A small but growing body of studies indicates that the Earned Income Tax Credit, the largest needs tested antipoverty cash assistance program in the U.S., improves health, particularly for single mothers and children.
What's the Issue?
Health professionals have an ongoing interest in the degree to which antipoverty programs can improve health. In this brief, researchers investigate one such program, the Earned Income Tax Credit (EITC). The EITC is a refundable tax credit for low-income workers. People do not have to owe taxes to receive it, but they must file an income tax return, have earned income, and meet income qualifications. The credit provides a subsidy as a percentage of income, effectively increasing the wages of the working poor.
The EITC has been widely successful at lifting poor families out of poverty, making it a medium for researching the connection between poverty and health.
- Recent evidence largely supports the hypothesis that health improves after receipt of the EITC, particularly for children and single mothers. Mothers experience health improvements through reduced stress. Among children there is a decreased incidence of low birthweight and improvements in the home environment, nutrition, and educational and economic attainment.
- Even marginal expansions to EITC eligibility and credit amounts will likely improve health outcomes for women and children. Less is known about the EITC’s impact on men, and further research is needed.
However, there remain unanswered questions about why the EITC is effective and the degree to which expanding eligibility and credit amounts would improve health more broadly.
What's Next?
There are a number of ways in which we can improve our understanding.
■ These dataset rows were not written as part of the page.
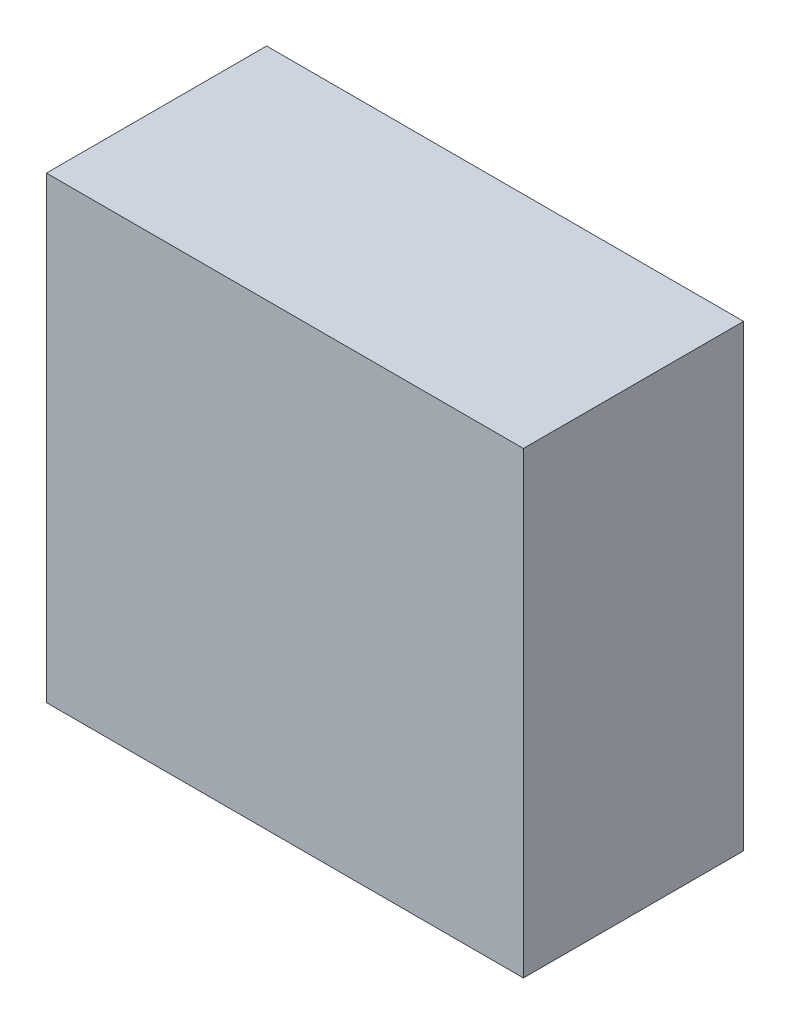
ISO-10303-21;
HEADER;
FILE_DESCRIPTION(('STEP AP214'),'2;1');
FILE_NAME('part.step','',(''),(''),'','','');
FILE_SCHEMA(('AUTOMOTIVE_DESIGN { 1 0 10303 214 1 1 1 1 }'));
ENDSEC;
DATA;
#1=APPLICATION_CONTEXT('core data for automotive mechanical design processes');
#2=APPLICATION_PROTOCOL_DEFINITION('international standard','automotive_design',2000,#1);
#3=PRODUCT_CONTEXT('',#1,'mechanical');
#4=PRODUCT('Part','Part','',(#3));
#5=PRODUCT_RELATED_PRODUCT_CATEGORY('part','',(#4));
#6=PRODUCT_DEFINITION_FORMATION('','',#4);
#7=PRODUCT_DEFINITION_CONTEXT('part definition',#1,'design');
#8=PRODUCT_DEFINITION('design','',#6,#7);
#9=PRODUCT_DEFINITION_SHAPE('','',#8);
#10=(LENGTH_UNIT() NAMED_UNIT(*) SI_UNIT(.MILLI.,.METRE.));
#11=(NAMED_UNIT(*) PLANE_ANGLE_UNIT() SI_UNIT($,.RADIAN.));
#12=(NAMED_UNIT(*) SI_UNIT($,.STERADIAN.) SOLID_ANGLE_UNIT());
#13=UNCERTAINTY_MEASURE_WITH_UNIT(LENGTH_MEASURE(1.E-05),#10,'distance_accuracy_value','');
#14=(GEOMETRIC_REPRESENTATION_CONTEXT(3) GLOBAL_UNCERTAINTY_ASSIGNED_CONTEXT((#13)) GLOBAL_UNIT_ASSIGNED_CONTEXT((#10,
#11,#12)) REPRESENTATION_CONTEXT('',''));
#15=CARTESIAN_POINT('',(0.,0.,0.));
#16=DIRECTION('',(0.,0.,1.));
#17=DIRECTION('',(1.,0.,0.));
#18=AXIS2_PLACEMENT_3D('',#15,#16,#17);
#19=CARTESIAN_POINT('',(700.,1690.,-700.));
#20=DIRECTION('',(-1.,0.,0.));
#21=DIRECTION('',(0.,0.,1.));
#22=AXIS2_PLACEMENT_3D('',#19,#20,#21);
#23=PLANE('',#22);
#24=DIRECTION('',(0.,-1.,0.));
#25=VECTOR('',#24,1.);
#26=CARTESIAN_POINT('',(700.,1690.,-640.));
#27=LINE('',#26,#25);
#28=CARTESIAN_POINT('',(700.,1815.,-640.));
#29=VERTEX_POINT('',#28);
#30=CARTESIAN_POINT('',(700.,1690.,-640.));
#31=VERTEX_POINT('',#30);
#32=EDGE_CURVE('E103',#29,#31,#27,.T.);
#33=ORIENTED_EDGE('',*,*,#32,.F.);
#34=DIRECTION('',(0.,0.,1.));
#35=VECTOR('',#34,1.);
#36=CARTESIAN_POINT('',(700.,1815.,-700.));
#37=LINE('',#36,#35);
#38=CARTESIAN_POINT('',(700.,1815.,-700.));
#39=VERTEX_POINT('',#38);
#40=EDGE_CURVE('E11',#39,#29,#37,.T.);
#41=ORIENTED_EDGE('',*,*,#40,.F.);
#42=DIRECTION('',(0.,-1.,0.));
#43=VECTOR('',#42,1.);
#44=CARTESIAN_POINT('',(700.,1690.,-700.));
#45=LINE('',#44,#43);
#46=CARTESIAN_POINT('',(700.,1690.,-700.));
#47=VERTEX_POINT('',#46);
#48=EDGE_CURVE('E97',#39,#47,#45,.T.);
#49=ORIENTED_EDGE('',*,*,#48,.T.);
#50=DIRECTION('',(0.,0.,1.));
#51=VECTOR('',#50,1.);
#52=CARTESIAN_POINT('',(700.,1690.,-700.));
#53=LINE('',#52,#51);
#54=EDGE_CURVE('E42',#47,#31,#53,.T.);
#55=ORIENTED_EDGE('',*,*,#54,.T.);
#56=EDGE_LOOP('',(#33,#41,#49,#55));
#57=FACE_BOUND('',#56,.T.);
#58=ADVANCED_FACE('F39',(#57),#23,.T.);
#59=CARTESIAN_POINT('',(700.,1815.,-700.));
#60=DIRECTION('',(0.,1.,0.));
#61=DIRECTION('',(0.,0.,1.));
#62=AXIS2_PLACEMENT_3D('',#59,#60,#61);
#63=PLANE('',#62);
#64=DIRECTION('',(-1.,0.,0.));
#65=VECTOR('',#64,1.);
#66=CARTESIAN_POINT('',(700.,1815.,-640.));
#67=LINE('',#66,#65);
#68=CARTESIAN_POINT('',(830.,1815.,-640.));
#69=VERTEX_POINT('',#68);
#70=EDGE_CURVE('E99',#69,#29,#67,.T.);
#71=ORIENTED_EDGE('',*,*,#70,.F.);
#72=DIRECTION('',(0.,0.,1.));
#73=VECTOR('',#72,1.);
#74=CARTESIAN_POINT('',(830.,1815.,-700.));
#75=LINE('',#74,#73);
#76=CARTESIAN_POINT('',(830.,1815.,-700.));
#77=VERTEX_POINT('',#76);
#78=EDGE_CURVE('E48',#77,#69,#75,.T.);
#79=ORIENTED_EDGE('',*,*,#78,.F.);
#80=DIRECTION('',(-1.,0.,0.));
#81=VECTOR('',#80,1.);
#82=CARTESIAN_POINT('',(700.,1815.,-700.));
#83=LINE('',#82,#81);
#84=EDGE_CURVE('E94',#77,#39,#83,.T.);
#85=ORIENTED_EDGE('',*,*,#84,.T.);
#86=ORIENTED_EDGE('',*,*,#40,.T.);
#87=EDGE_LOOP('',(#71,#79,#85,#86));
#88=FACE_BOUND('',#87,.T.);
#89=ADVANCED_FACE('F113',(#88),#63,.T.);
#90=CARTESIAN_POINT('',(830.,1690.,-700.));
#91=DIRECTION('',(1.,0.,0.));
#92=DIRECTION('',(0.,0.,-1.));
#93=AXIS2_PLACEMENT_3D('',#90,#91,#92);
#94=PLANE('',#93);
#95=DIRECTION('',(0.,1.,0.));
#96=VECTOR('',#95,1.);
#97=CARTESIAN_POINT('',(830.,1690.,-640.));
#98=LINE('',#97,#96);
#99=CARTESIAN_POINT('',(830.,1690.,-640.));
#100=VERTEX_POINT('',#99);
#101=EDGE_CURVE('E89',#100,#69,#98,.T.);
#102=ORIENTED_EDGE('',*,*,#101,.F.);
#103=DIRECTION('',(0.,0.,1.));
#104=VECTOR('',#103,1.);
#105=CARTESIAN_POINT('',(830.,1690.,-700.));
#106=LINE('',#105,#104);
#107=CARTESIAN_POINT('',(830.,1690.,-700.));
#108=VERTEX_POINT('',#107);
#109=EDGE_CURVE('E84',#108,#100,#106,.T.);
#110=ORIENTED_EDGE('',*,*,#109,.F.);
#111=DIRECTION('',(0.,1.,0.));
#112=VECTOR('',#111,1.);
#113=CARTESIAN_POINT('',(830.,1690.,-700.));
#114=LINE('',#113,#112);
#115=EDGE_CURVE('E87',#108,#77,#114,.T.);
#116=ORIENTED_EDGE('',*,*,#115,.T.);
#117=ORIENTED_EDGE('',*,*,#78,.T.);
#118=EDGE_LOOP('',(#102,#110,#116,#117));
#119=FACE_BOUND('',#118,.T.);
#120=ADVANCED_FACE('F86',(#119),#94,.T.);
#121=CARTESIAN_POINT('',(700.,1690.,-700.));
#122=DIRECTION('',(0.,-1.,0.));
#123=DIRECTION('',(0.,0.,-1.));
#124=AXIS2_PLACEMENT_3D('',#121,#122,#123);
#125=PLANE('',#124);
#126=DIRECTION('',(1.,0.,0.));
#127=VECTOR('',#126,1.);
#128=CARTESIAN_POINT('',(700.,1690.,-640.));
#129=LINE('',#128,#127);
#130=EDGE_CURVE('E106',#31,#100,#129,.T.);
#131=ORIENTED_EDGE('',*,*,#130,.F.);
#132=ORIENTED_EDGE('',*,*,#54,.F.);
#133=DIRECTION('',(1.,0.,0.));
#134=VECTOR('',#133,1.);
#135=CARTESIAN_POINT('',(700.,1690.,-700.));
#136=LINE('',#135,#134);
#137=EDGE_CURVE('E93',#47,#108,#136,.T.);
#138=ORIENTED_EDGE('',*,*,#137,.T.);
#139=ORIENTED_EDGE('',*,*,#109,.T.);
#140=EDGE_LOOP('',(#131,#132,#138,#139));
#141=FACE_BOUND('',#140,.T.);
#142=ADVANCED_FACE('F96',(#141),#125,.T.);
#143=CARTESIAN_POINT('',(0.,0.,-700.));
#144=DIRECTION('',(0.,0.,-1.));
#145=DIRECTION('',(-1.,0.,0.));
#146=AXIS2_PLACEMENT_3D('',#143,#144,#145);
#147=PLANE('',#146);
#148=ORIENTED_EDGE('',*,*,#48,.F.);
#149=ORIENTED_EDGE('',*,*,#84,.F.);
#150=ORIENTED_EDGE('',*,*,#115,.F.);
#151=ORIENTED_EDGE('',*,*,#137,.F.);
#152=EDGE_LOOP('',(#148,#149,#150,#151));
#153=FACE_BOUND('',#152,.T.);
#154=ADVANCED_FACE('F92',(#153),#147,.T.);
#155=CARTESIAN_POINT('',(0.,0.,-640.));
#156=DIRECTION('',(0.,0.,-1.));
#157=DIRECTION('',(-1.,0.,0.));
#158=AXIS2_PLACEMENT_3D('',#155,#156,#157);
#159=PLANE('',#158);
#160=ORIENTED_EDGE('',*,*,#32,.T.);
#161=ORIENTED_EDGE('',*,*,#130,.T.);
#162=ORIENTED_EDGE('',*,*,#101,.T.);
#163=ORIENTED_EDGE('',*,*,#70,.T.);
#164=EDGE_LOOP('',(#160,#161,#162,#163));
#165=FACE_BOUND('',#164,.T.);
#166=ADVANCED_FACE('F112',(#165),#159,.F.);
#167=CLOSED_SHELL('',(#58,#89,#120,#142,#154,#166));
#168=MANIFOLD_SOLID_BREP('B2',#167);
#169=ADVANCED_BREP_SHAPE_REPRESENTATION('',(#18,#168),#14);
#170=SHAPE_DEFINITION_REPRESENTATION(#9,#169);
ENDSEC;
END-ISO-10303-21;

Researchers should continue to document the relationship between the EITC and health in different contexts, for other populations (particularly men), and with various outcomes.
There is also a need for a better understanding of the health effects of the EITC throughout the life course. Do the improvements in birthweight have longer-term implications for children’s health? Does improving health in childhood through exposure to the EITC have effects that last into adulthood? Furthermore, many of the studies cited in this brief are based on the 1993 federal EITC expansion. Given more recent expansions to state and federal EITCs, it would be valuable to replicate this earlier work using more recent data.
Looking ahead, health professionals should be aware of the potential for expansions of the EITC to improve health, particularly for mothers and children.